§ **Material for this task**
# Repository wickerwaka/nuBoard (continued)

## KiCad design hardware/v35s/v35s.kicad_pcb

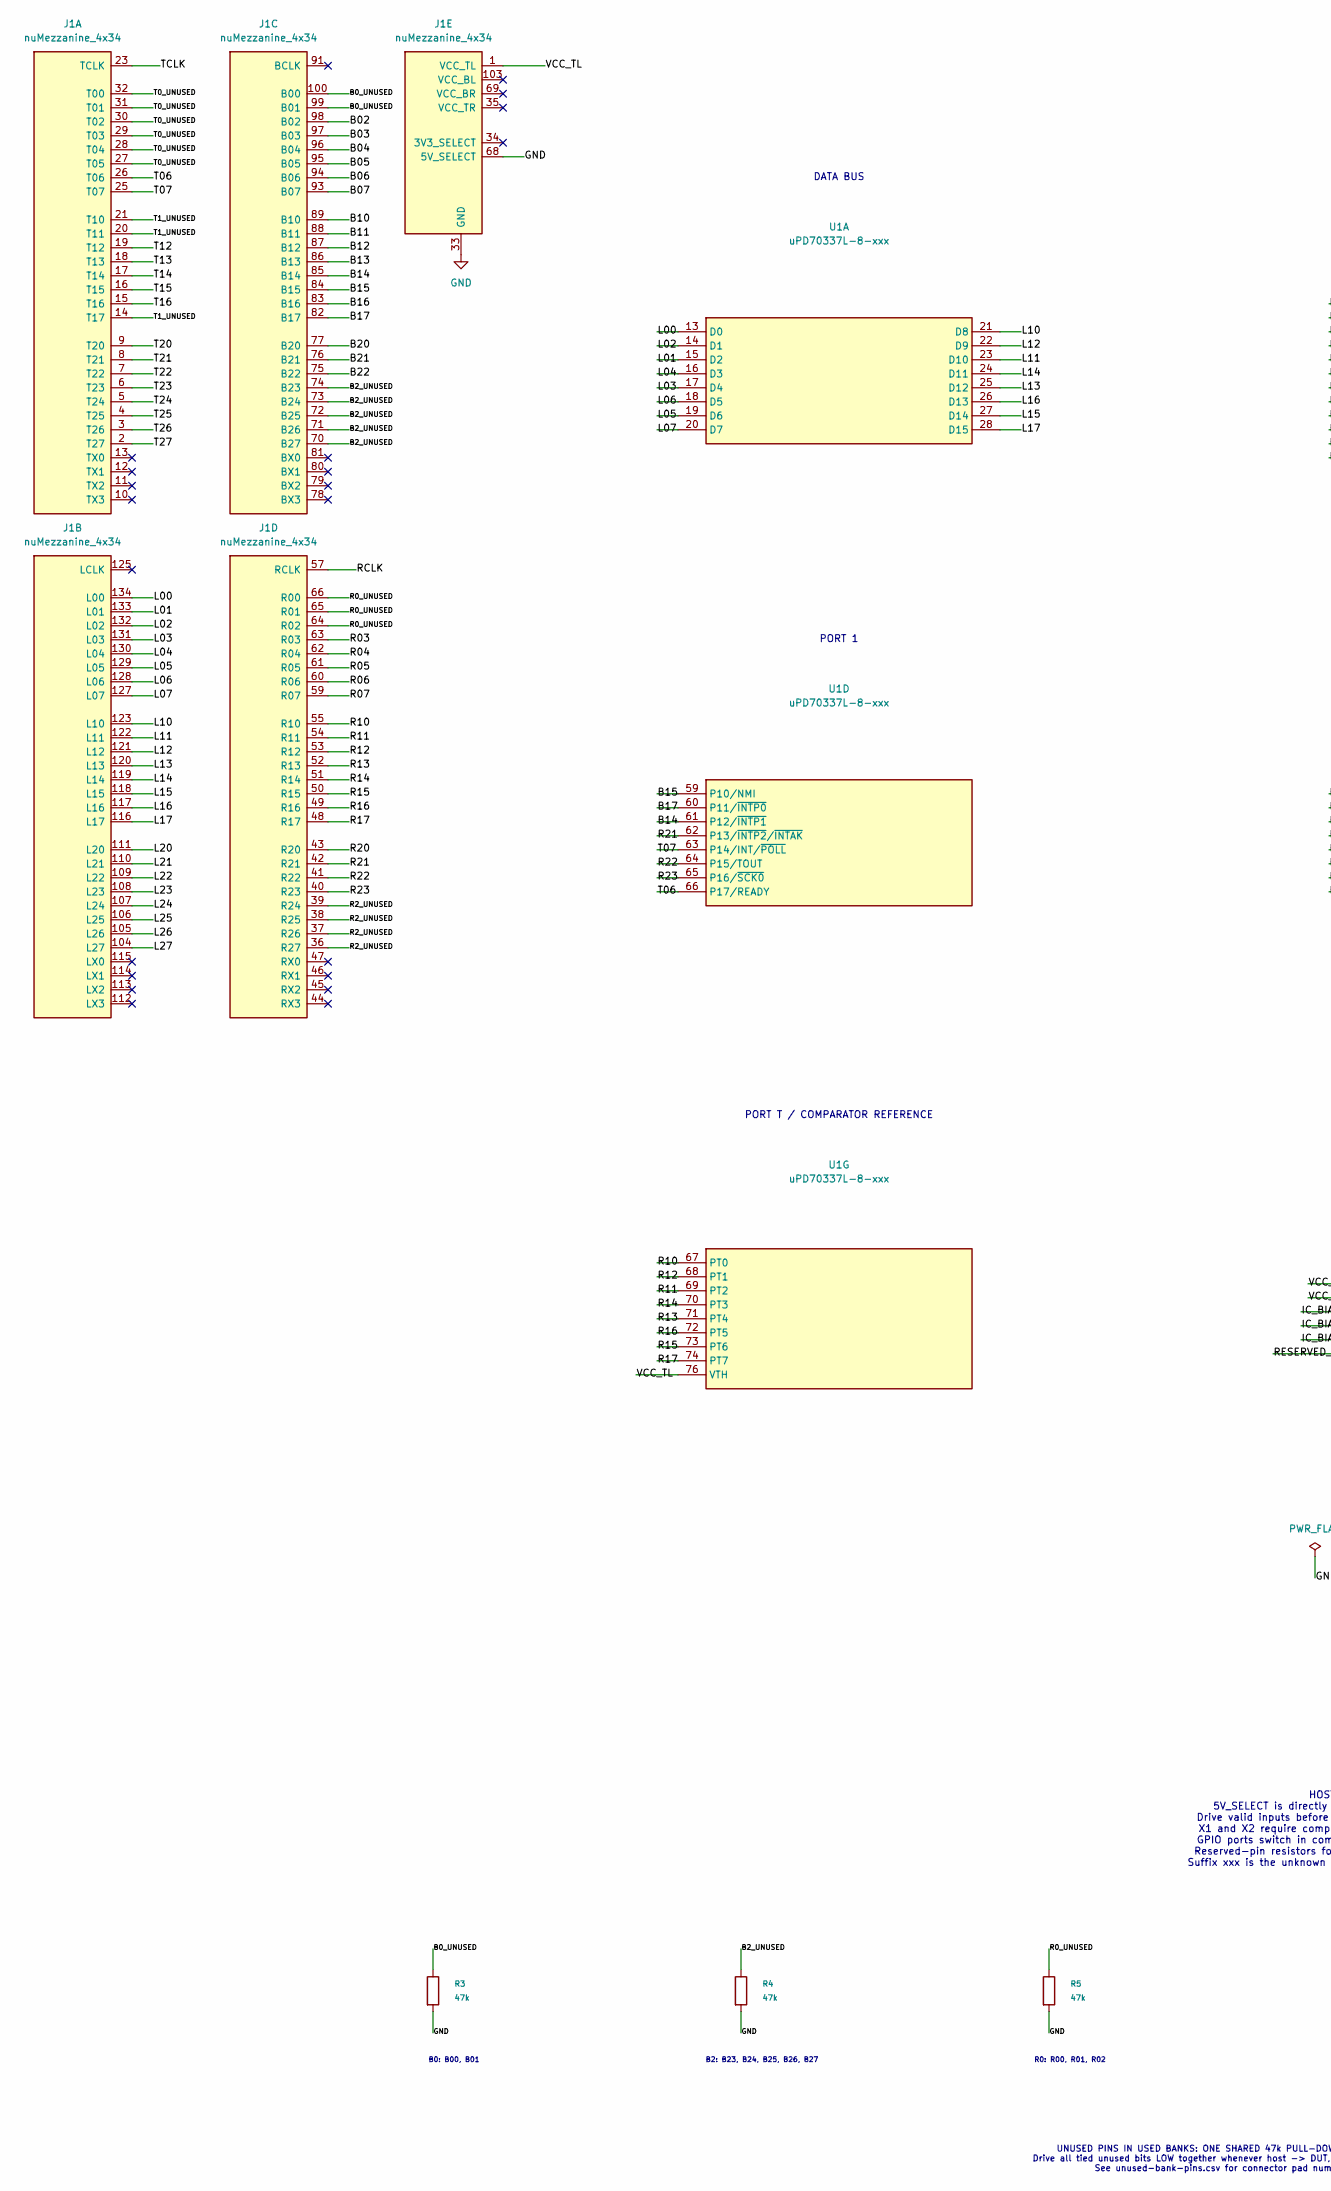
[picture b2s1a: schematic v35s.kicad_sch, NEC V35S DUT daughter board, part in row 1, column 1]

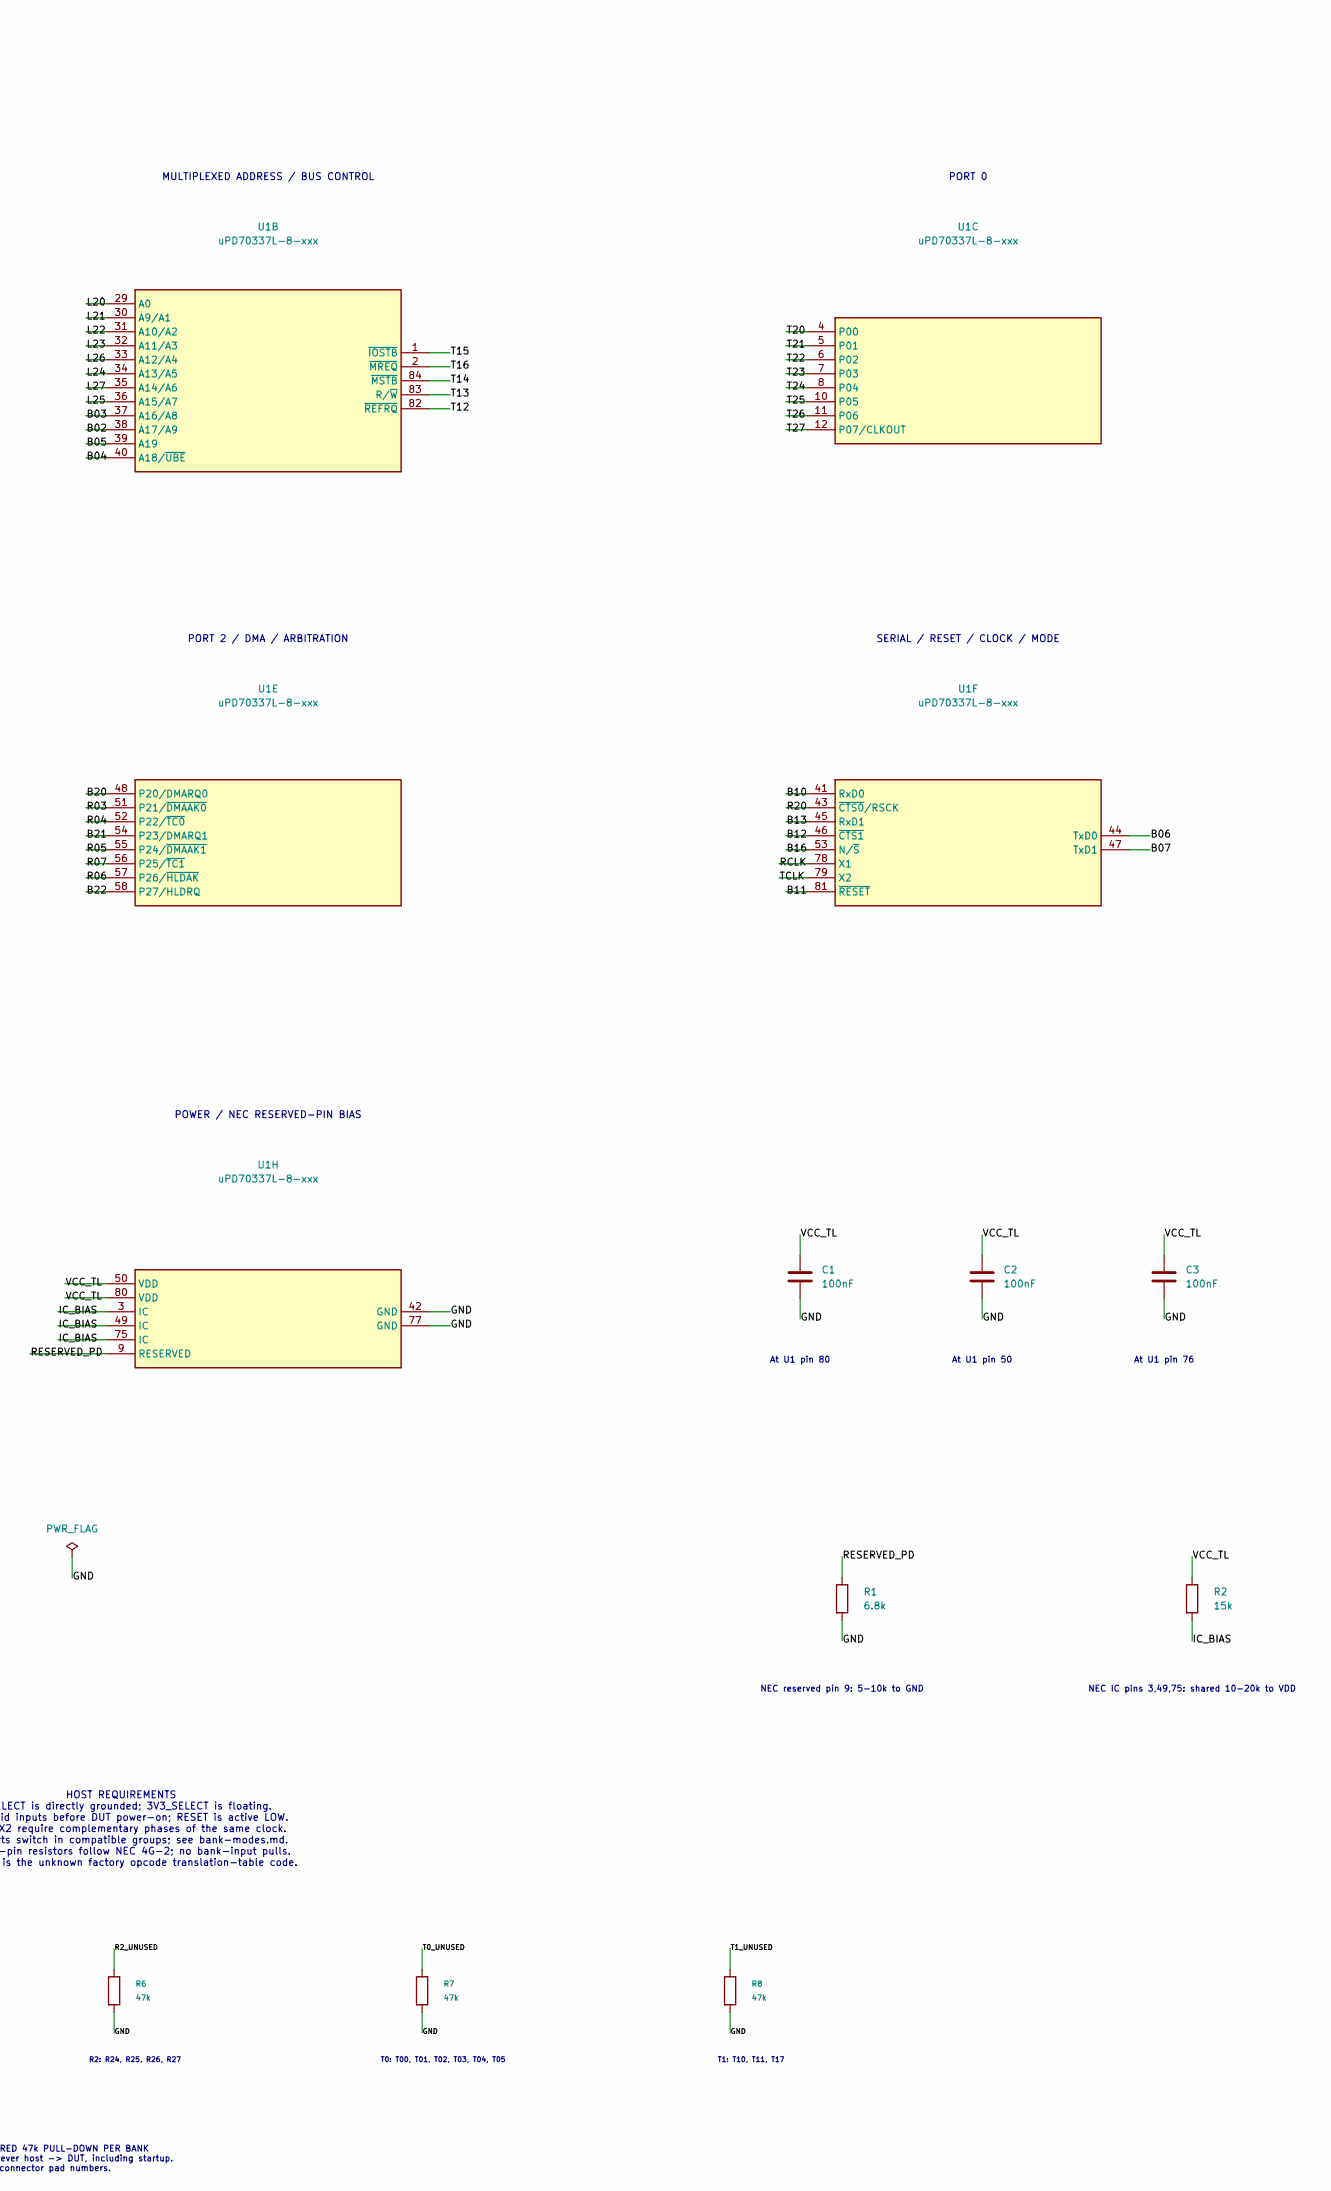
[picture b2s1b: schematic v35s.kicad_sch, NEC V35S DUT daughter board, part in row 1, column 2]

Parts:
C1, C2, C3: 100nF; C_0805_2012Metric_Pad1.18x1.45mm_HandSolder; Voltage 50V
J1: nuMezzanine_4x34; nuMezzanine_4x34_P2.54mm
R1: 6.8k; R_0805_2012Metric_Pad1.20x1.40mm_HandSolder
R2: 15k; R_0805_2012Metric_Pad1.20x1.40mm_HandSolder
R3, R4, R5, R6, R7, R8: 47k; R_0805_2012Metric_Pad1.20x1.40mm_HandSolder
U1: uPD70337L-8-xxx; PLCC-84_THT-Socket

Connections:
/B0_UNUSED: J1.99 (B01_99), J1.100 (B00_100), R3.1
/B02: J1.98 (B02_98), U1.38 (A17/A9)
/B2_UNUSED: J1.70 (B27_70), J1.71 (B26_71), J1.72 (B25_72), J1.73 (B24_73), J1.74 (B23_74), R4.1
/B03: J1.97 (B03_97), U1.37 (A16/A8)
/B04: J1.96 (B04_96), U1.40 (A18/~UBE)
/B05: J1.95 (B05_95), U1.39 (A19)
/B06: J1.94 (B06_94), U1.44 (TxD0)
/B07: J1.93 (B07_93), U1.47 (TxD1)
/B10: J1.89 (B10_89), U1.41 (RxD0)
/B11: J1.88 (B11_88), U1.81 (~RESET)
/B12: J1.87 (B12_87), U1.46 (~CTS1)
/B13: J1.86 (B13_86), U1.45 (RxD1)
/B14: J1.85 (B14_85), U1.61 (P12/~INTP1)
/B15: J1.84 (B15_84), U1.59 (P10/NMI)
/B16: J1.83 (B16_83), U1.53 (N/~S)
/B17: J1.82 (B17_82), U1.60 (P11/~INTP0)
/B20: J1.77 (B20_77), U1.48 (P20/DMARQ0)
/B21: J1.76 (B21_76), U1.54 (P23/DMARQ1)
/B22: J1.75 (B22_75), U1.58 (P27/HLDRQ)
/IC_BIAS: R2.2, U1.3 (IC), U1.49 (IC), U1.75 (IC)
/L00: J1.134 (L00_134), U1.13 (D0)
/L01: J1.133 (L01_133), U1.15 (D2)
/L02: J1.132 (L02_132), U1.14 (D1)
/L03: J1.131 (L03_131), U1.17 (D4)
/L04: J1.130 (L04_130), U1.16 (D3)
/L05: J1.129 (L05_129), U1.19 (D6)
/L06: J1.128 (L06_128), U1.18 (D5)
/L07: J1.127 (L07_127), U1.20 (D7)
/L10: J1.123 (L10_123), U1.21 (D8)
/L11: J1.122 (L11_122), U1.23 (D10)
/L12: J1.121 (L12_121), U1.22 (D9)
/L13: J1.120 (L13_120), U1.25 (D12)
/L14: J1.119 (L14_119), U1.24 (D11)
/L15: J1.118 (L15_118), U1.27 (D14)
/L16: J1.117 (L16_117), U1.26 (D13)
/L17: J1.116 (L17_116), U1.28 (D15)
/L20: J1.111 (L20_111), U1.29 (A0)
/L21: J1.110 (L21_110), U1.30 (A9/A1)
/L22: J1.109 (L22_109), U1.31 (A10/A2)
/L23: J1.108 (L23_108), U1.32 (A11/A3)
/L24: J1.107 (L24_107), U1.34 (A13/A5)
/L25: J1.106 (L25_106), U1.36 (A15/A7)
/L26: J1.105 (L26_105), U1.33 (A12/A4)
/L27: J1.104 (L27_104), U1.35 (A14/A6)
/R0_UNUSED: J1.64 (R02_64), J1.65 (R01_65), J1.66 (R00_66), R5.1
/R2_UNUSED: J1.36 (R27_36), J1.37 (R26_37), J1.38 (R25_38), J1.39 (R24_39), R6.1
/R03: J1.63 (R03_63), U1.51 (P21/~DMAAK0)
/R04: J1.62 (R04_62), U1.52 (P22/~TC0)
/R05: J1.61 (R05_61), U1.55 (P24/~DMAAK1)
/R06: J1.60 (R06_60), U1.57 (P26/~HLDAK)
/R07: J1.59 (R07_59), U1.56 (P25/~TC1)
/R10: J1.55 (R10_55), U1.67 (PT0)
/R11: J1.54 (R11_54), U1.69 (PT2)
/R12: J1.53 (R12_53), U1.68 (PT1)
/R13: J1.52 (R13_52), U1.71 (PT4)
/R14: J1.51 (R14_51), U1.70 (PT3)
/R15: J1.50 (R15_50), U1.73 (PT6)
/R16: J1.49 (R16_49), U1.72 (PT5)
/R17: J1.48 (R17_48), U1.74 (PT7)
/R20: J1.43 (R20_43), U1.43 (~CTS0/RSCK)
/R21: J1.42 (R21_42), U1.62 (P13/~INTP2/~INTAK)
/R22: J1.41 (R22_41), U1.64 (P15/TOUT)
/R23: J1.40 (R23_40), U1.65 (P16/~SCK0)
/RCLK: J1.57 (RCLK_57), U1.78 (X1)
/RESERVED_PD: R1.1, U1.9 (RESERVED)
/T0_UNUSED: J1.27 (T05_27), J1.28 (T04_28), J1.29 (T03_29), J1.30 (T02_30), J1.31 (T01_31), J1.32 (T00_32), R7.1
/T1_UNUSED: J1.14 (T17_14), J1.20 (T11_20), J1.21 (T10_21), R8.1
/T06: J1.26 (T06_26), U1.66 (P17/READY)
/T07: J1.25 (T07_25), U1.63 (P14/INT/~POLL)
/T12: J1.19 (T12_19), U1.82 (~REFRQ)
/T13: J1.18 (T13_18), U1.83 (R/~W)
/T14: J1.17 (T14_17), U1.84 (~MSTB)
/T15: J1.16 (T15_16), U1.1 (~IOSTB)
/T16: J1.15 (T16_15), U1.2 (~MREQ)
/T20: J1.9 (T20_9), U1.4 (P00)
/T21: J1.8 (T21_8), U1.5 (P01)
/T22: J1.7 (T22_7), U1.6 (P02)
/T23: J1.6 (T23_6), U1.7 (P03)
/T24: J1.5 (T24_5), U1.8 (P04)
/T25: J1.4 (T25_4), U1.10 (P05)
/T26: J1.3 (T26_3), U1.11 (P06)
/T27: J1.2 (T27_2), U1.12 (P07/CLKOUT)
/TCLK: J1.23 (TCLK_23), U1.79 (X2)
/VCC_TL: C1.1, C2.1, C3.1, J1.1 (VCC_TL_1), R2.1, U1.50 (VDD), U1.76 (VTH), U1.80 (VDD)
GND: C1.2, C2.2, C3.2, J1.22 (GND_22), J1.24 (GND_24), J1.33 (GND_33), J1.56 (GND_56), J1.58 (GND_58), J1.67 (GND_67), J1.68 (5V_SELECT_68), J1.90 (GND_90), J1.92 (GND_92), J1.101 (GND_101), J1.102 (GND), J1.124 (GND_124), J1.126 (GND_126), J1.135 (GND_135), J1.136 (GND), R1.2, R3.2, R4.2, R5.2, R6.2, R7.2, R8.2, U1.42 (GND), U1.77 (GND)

§ **Work required**
Where a line of the records above holds the word "column", copy that line.

§ **Worked solution**
[picture b2s1a: schematic v35s.kicad_sch, NEC V35S DUT daughter board, part in row 1, column 1]
[picture b2s1b: schematic v35s.kicad_sch, NEC V35S DUT daughter board, part in row 1, column 2]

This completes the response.